ECLI:NL:OGEABES:2025:38

Gerecht in eerste aanleg van Bonaire, Sint Eustatius en Saba

Datum uitspraak
1 oktober 2025
Publicatiedatum
17 november 2025
Zaaknummer
BON202500308
Instantie
Gerecht in eerste aanleg van Bonaire, Sint Eustatius en Saba
Type
Uitspraak
Rechtsgebied
Civiel recht
Procedures
  • Eerste aanleg - enkelvoudig
Vindplaatsen
  • Rechtspraak.nl
AI samenvatting door LexboostAutomatisch gegenereerd

Verstek in consumentenkrediet met betrekking tot bovenmatige rente en incassokosten

Op 1 oktober 2025 heeft het Gerecht in eerste aanleg van Bonaire, Sint Eustatius en Saba uitspraak gedaan in een zaak tussen ISLAND FINANCE (BONAIRE) N.V. en een gedaagde die niet is verschenen. ISLAND FINANCE had een vordering ingediend die op 19 juni 2025 ter griffie was ingekomen. De gedaagde heeft niet binnen de gestelde termijn geantwoord, waardoor het gerecht de vordering toewijsbaar achtte, met uitzondering van de gevorderde boeterente en buitengerechtelijke incassokosten. Het gerecht oordeelde dat de gevorderde boeterente van 5% bovenmatig was, aangezien de rente van 23% per jaar de wettelijke grens overschreed. De wettelijke rente was wel verschuldigd vanaf het moment van verzuim. De buitengerechtelijke incassokosten werden afgewezen omdat deze al waren inbegrepen in een eerder ondertekende schuldbekentenis door de gedaagde. De gedaagde werd veroordeeld tot betaling van een bedrag van USD 9.746,79 aan ISLAND FINANCE, vermeerderd met wettelijke rente, en in de proceskosten, die aan de zijde van ISLAND FINANCE op USD 1.227,00 werden begroot. Het vonnis is uitvoerbaar bij voorraad verklaard.

Uitspraak

GERECHT IN EERSTE AANLEG VAN BONAIRE, SINT EUSTATIUS EN SABA

zittingsplaats Bonaire

Registratienummer: BON202500308
Vonnis van 1 oktober 2025
inzake
de naamloze vennootschap
ISLAND FINANCE (BONAIRE) N.V.,
gevestigd te Bonaire,
hierna te noemen IF,
gemachtigde: mr.

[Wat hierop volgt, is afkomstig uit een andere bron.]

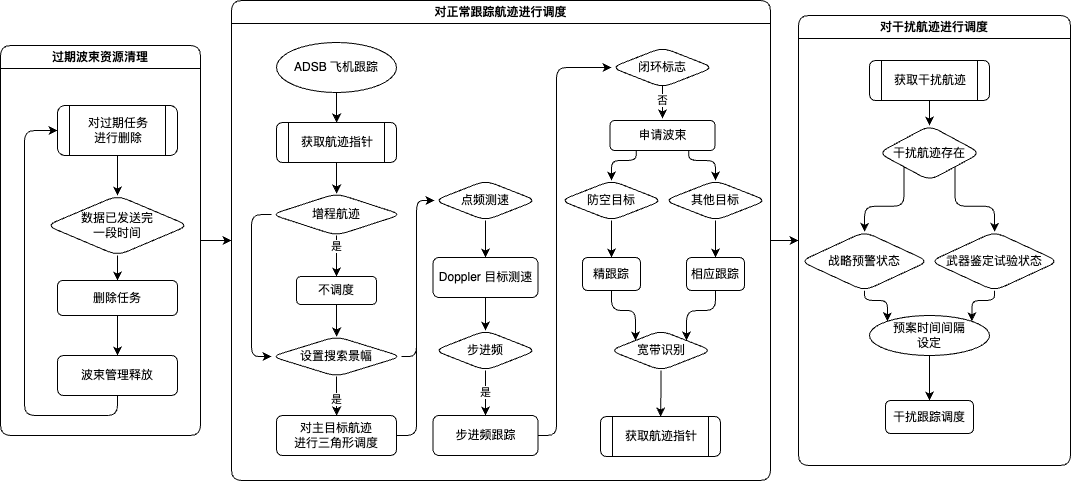

The diagram above was exported from draw.io. Its source (the exported page's mxGraphModel, read from the mxfile embedded in the PNG):
<mxGraphModel dx="1740" dy="1351" grid="1" gridSize="10" guides="1" tooltips="1" connect="1" arrows="1" fold="1" page="1" pageScale="1" pageWidth="1169" pageHeight="827" math="0" shadow="0">
  <root>
    <mxCell id="0" />
    <mxCell id="1" parent="0" />
    <mxCell id="F6crMrR-Z0PU5xd7m6GP-45" style="edgeStyle=orthogonalEdgeStyle;rounded=1;orthogonalLoop=1;jettySize=auto;html=1;entryX=0;entryY=0.5;entryDx=0;entryDy=0;exitX=1;exitY=0.5;exitDx=0;exitDy=0;" parent="1" source="F6crMrR-Z0PU5xd7m6GP-2" target="F6crMrR-Z0PU5xd7m6GP-11" edge="1">
      <mxGeometry relative="1" as="geometry">
        <mxPoint x="239" y="266" as="sourcePoint" />
      </mxGeometry>
    </mxCell>
    <mxCell id="F6crMrR-Z0PU5xd7m6GP-2" value="过期波束资源清理" style="swimlane;whiteSpace=wrap;html=1;rounded=1;" parent="1" vertex="1">
      <mxGeometry x="49" y="115" width="200" height="390" as="geometry" />
    </mxCell>
    <mxCell id="F6crMrR-Z0PU5xd7m6GP-8" value="" style="edgeStyle=orthogonalEdgeStyle;rounded=0;orthogonalLoop=1;jettySize=auto;exitX=0.5;exitY=1;exitDx=0;exitDy=0;entryX=0.5;entryY=0;entryDx=0;entryDy=0;enumerate=0;" parent="F6crMrR-Z0PU5xd7m6GP-2" source="F6crMrR-Z0PU5xd7m6GP-3" target="F6crMrR-Z0PU5xd7m6GP-5" edge="1">
      <mxGeometry relative="1" as="geometry" />
    </mxCell>
    <mxCell id="F6crMrR-Z0PU5xd7m6GP-3" value="对过期任务&#10;进行删除" style="shape=process;whiteSpace=wrap;backgroundOutline=1;enumerate=0;rounded=1;" parent="F6crMrR-Z0PU5xd7m6GP-2" vertex="1">
      <mxGeometry x="57" y="60" width="120" height="50" as="geometry" />
    </mxCell>
    <mxCell id="F6crMrR-Z0PU5xd7m6GP-9" value="" style="edgeStyle=orthogonalEdgeStyle;rounded=0;orthogonalLoop=1;jettySize=auto;exitX=0.5;exitY=1;exitDx=0;exitDy=0;entryX=0.5;entryY=0;entryDx=0;entryDy=0;enumerate=0;" parent="F6crMrR-Z0PU5xd7m6GP-2" source="F6crMrR-Z0PU5xd7m6GP-5" target="F6crMrR-Z0PU5xd7m6GP-6" edge="1">
      <mxGeometry relative="1" as="geometry" />
    </mxCell>
    <mxCell id="F6crMrR-Z0PU5xd7m6GP-5" value="数据已发送完&#10;一段时间" style="rhombus;whiteSpace=wrap;enumerate=0;rounded=1;" parent="F6crMrR-Z0PU5xd7m6GP-2" vertex="1">
      <mxGeometry x="46" y="150" width="142" height="60" as="geometry" />
    </mxCell>
    <mxCell id="F6crMrR-Z0PU5xd7m6GP-10" value="" style="edgeStyle=orthogonalEdgeStyle;rounded=0;orthogonalLoop=1;jettySize=auto;exitX=0.5;exitY=1;exitDx=0;exitDy=0;entryX=0.5;entryY=0;entryDx=0;entryDy=0;enumerate=0;" parent="F6crMrR-Z0PU5xd7m6GP-2" source="F6crMrR-Z0PU5xd7m6GP-6" target="F6crMrR-Z0PU5xd7m6GP-7" edge="1">
      <mxGeometry relative="1" as="geometry" />
    </mxCell>
    <mxCell id="F6crMrR-Z0PU5xd7m6GP-6" value="删除任务" style="rounded=1;whiteSpace=wrap;enumerate=0;" parent="F6crMrR-Z0PU5xd7m6GP-2" vertex="1">
      <mxGeometry x="57" y="235" width="120" height="35" as="geometry" />
    </mxCell>
    <mxCell id="F6crMrR-Z0PU5xd7m6GP-13" value="" style="edgeStyle=orthogonalEdgeStyle;rounded=1;orthogonalLoop=1;jettySize=auto;entryX=0;entryY=0.5;entryDx=0;entryDy=0;" parent="F6crMrR-Z0PU5xd7m6GP-2" source="F6crMrR-Z0PU5xd7m6GP-7" target="F6crMrR-Z0PU5xd7m6GP-3" edge="1">
      <mxGeometry relative="1" as="geometry">
        <Array as="points">
          <mxPoint x="117" y="370" />
          <mxPoint x="24" y="370" />
          <mxPoint x="24" y="85" />
        </Array>
      </mxGeometry>
    </mxCell>
    <mxCell id="F6crMrR-Z0PU5xd7m6GP-7" value="波束管理释放" style="rounded=1;whiteSpace=wrap;enumerate=0;" parent="F6crMrR-Z0PU5xd7m6GP-2" vertex="1">
      <mxGeometry x="57" y="310" width="120" height="40" as="geometry" />
    </mxCell>
    <mxCell id="F6crMrR-Z0PU5xd7m6GP-132" style="edgeStyle=orthogonalEdgeStyle;rounded=1;orthogonalLoop=1;jettySize=auto;html=1;exitX=1;exitY=0.5;exitDx=0;exitDy=0;entryX=0;entryY=0.5;entryDx=0;entryDy=0;" parent="1" source="F6crMrR-Z0PU5xd7m6GP-11" target="F6crMrR-Z0PU5xd7m6GP-23" edge="1">
      <mxGeometry relative="1" as="geometry" />
    </mxCell>
    <mxCell id="F6crMrR-Z0PU5xd7m6GP-11" value="对正常跟踪航迹进行调度" style="swimlane;whiteSpace=wrap;html=1;rounded=1;" parent="1" vertex="1">
      <mxGeometry x="280" y="70" width="539" height="480" as="geometry" />
    </mxCell>
    <mxCell id="F6crMrR-Z0PU5xd7m6GP-16" value="" style="edgeStyle=orthogonalEdgeStyle;rounded=0;orthogonalLoop=1;jettySize=auto;html=1;" parent="F6crMrR-Z0PU5xd7m6GP-11" source="F6crMrR-Z0PU5xd7m6GP-12" target="F6crMrR-Z0PU5xd7m6GP-15" edge="1">
      <mxGeometry relative="1" as="geometry" />
    </mxCell>
    <mxCell id="F6crMrR-Z0PU5xd7m6GP-12" value="ADSB 飞机跟踪" style="ellipse;whiteSpace=wrap;" parent="F6crMrR-Z0PU5xd7m6GP-11" vertex="1">
      <mxGeometry x="45" y="42" width="120" height="50" as="geometry" />
    </mxCell>
    <mxCell id="F6crMrR-Z0PU5xd7m6GP-24" value="" style="edgeStyle=orthogonalEdgeStyle;rounded=0;orthogonalLoop=1;jettySize=auto;html=1;" parent="F6crMrR-Z0PU5xd7m6GP-11" source="F6crMrR-Z0PU5xd7m6GP-15" target="F6crMrR-Z0PU5xd7m6GP-22" edge="1">
      <mxGeometry relative="1" as="geometry" />
    </mxCell>
    <mxCell id="F6crMrR-Z0PU5xd7m6GP-15" value="获取航迹指针" style="shape=process;whiteSpace=wrap;backgroundOutline=1;rounded=1;" parent="F6crMrR-Z0PU5xd7m6GP-11" vertex="1">
      <mxGeometry x="45" y="122" width="120" height="40" as="geometry" />
    </mxCell>
    <mxCell id="F6crMrR-Z0PU5xd7m6GP-26" value="是" style="edgeStyle=orthogonalEdgeStyle;rounded=0;orthogonalLoop=1;jettySize=auto;html=1;" parent="F6crMrR-Z0PU5xd7m6GP-11" source="F6crMrR-Z0PU5xd7m6GP-22" target="F6crMrR-Z0PU5xd7m6GP-25" edge="1">
      <mxGeometry x="-0.5" relative="1" as="geometry">
        <mxPoint as="offset" />
      </mxGeometry>
    </mxCell>
    <mxCell id="F6crMrR-Z0PU5xd7m6GP-53" style="edgeStyle=orthogonalEdgeStyle;rounded=1;orthogonalLoop=1;jettySize=auto;html=1;exitX=0;exitY=0.5;exitDx=0;exitDy=0;entryX=0;entryY=0.5;entryDx=0;entryDy=0;" parent="F6crMrR-Z0PU5xd7m6GP-11" source="F6crMrR-Z0PU5xd7m6GP-22" target="F6crMrR-Z0PU5xd7m6GP-27" edge="1">
      <mxGeometry relative="1" as="geometry">
        <Array as="points">
          <mxPoint x="20" y="214" />
          <mxPoint x="20" y="356" />
        </Array>
      </mxGeometry>
    </mxCell>
    <mxCell id="F6crMrR-Z0PU5xd7m6GP-22" value="增程航迹" style="rhombus;whiteSpace=wrap;enumerate=0;rounded=1;" parent="F6crMrR-Z0PU5xd7m6GP-11" vertex="1">
      <mxGeometry x="40" y="193" width="130" height="42" as="geometry" />
    </mxCell>
    <mxCell id="F6crMrR-Z0PU5xd7m6GP-28" value="" style="edgeStyle=orthogonalEdgeStyle;rounded=0;orthogonalLoop=1;jettySize=auto;html=1;" parent="F6crMrR-Z0PU5xd7m6GP-11" source="F6crMrR-Z0PU5xd7m6GP-25" target="F6crMrR-Z0PU5xd7m6GP-27" edge="1">
      <mxGeometry relative="1" as="geometry" />
    </mxCell>
    <mxCell id="F6crMrR-Z0PU5xd7m6GP-52" style="edgeStyle=orthogonalEdgeStyle;rounded=1;orthogonalLoop=1;jettySize=auto;html=1;exitX=1;exitY=0.5;exitDx=0;exitDy=0;entryX=0;entryY=0.5;entryDx=0;entryDy=0;" parent="F6crMrR-Z0PU5xd7m6GP-11" source="F6crMrR-Z0PU5xd7m6GP-27" target="F6crMrR-Z0PU5xd7m6GP-43" edge="1">
      <mxGeometry relative="1" as="geometry">
        <Array as="points">
          <mxPoint x="185" y="356" />
          <mxPoint x="185" y="200" />
        </Array>
      </mxGeometry>
    </mxCell>
    <mxCell id="F6crMrR-Z0PU5xd7m6GP-25" value="不调度" style="rounded=1;whiteSpace=wrap;" parent="F6crMrR-Z0PU5xd7m6GP-11" vertex="1">
      <mxGeometry x="65" y="276" width="80" height="28" as="geometry" />
    </mxCell>
    <mxCell id="F6crMrR-Z0PU5xd7m6GP-30" value="" style="edgeStyle=orthogonalEdgeStyle;rounded=0;orthogonalLoop=1;jettySize=auto;html=1;" parent="F6crMrR-Z0PU5xd7m6GP-11" source="F6crMrR-Z0PU5xd7m6GP-27" target="F6crMrR-Z0PU5xd7m6GP-29" edge="1">
      <mxGeometry relative="1" as="geometry" />
    </mxCell>
    <mxCell id="F6crMrR-Z0PU5xd7m6GP-46" value="是" style="edgeLabel;html=1;align=center;verticalAlign=middle;resizable=0;points=[];" parent="F6crMrR-Z0PU5xd7m6GP-30" vertex="1" connectable="0">
      <mxGeometry x="0.3846" y="1" relative="1" as="geometry">
        <mxPoint x="-2" y="-5" as="offset" />
      </mxGeometry>
    </mxCell>
    <mxCell id="F6crMrR-Z0PU5xd7m6GP-27" value="设置搜索景幅" style="rhombus;whiteSpace=wrap;enumerate=0;rounded=1;" parent="F6crMrR-Z0PU5xd7m6GP-11" vertex="1">
      <mxGeometry x="40" y="336" width="130" height="40" as="geometry" />
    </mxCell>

N.B. Louisa,
tegen
[gedaagde],
wonend te Bonaire,
hierna te noemen [gedaagde],
niet verschenen.

1.Het procesverloop

1.1.
IF heeft gesteld en verzocht als vermeld in het inleidend verzoekschrift met producties, dat op 19 juni 2025 ter griffie is ingekomen. [gedaagde] heeft niet binnen de gestelde termijn geantwoord.
1.2.
Uitspraak is bepaald op heden.

2.De beoordeling

2.1.
Voor de vordering en de feiten en de gronden waarop deze is gebaseerd wordt verwezen naar het aan dit vonnis gehechte verzoekschrift.
2.2.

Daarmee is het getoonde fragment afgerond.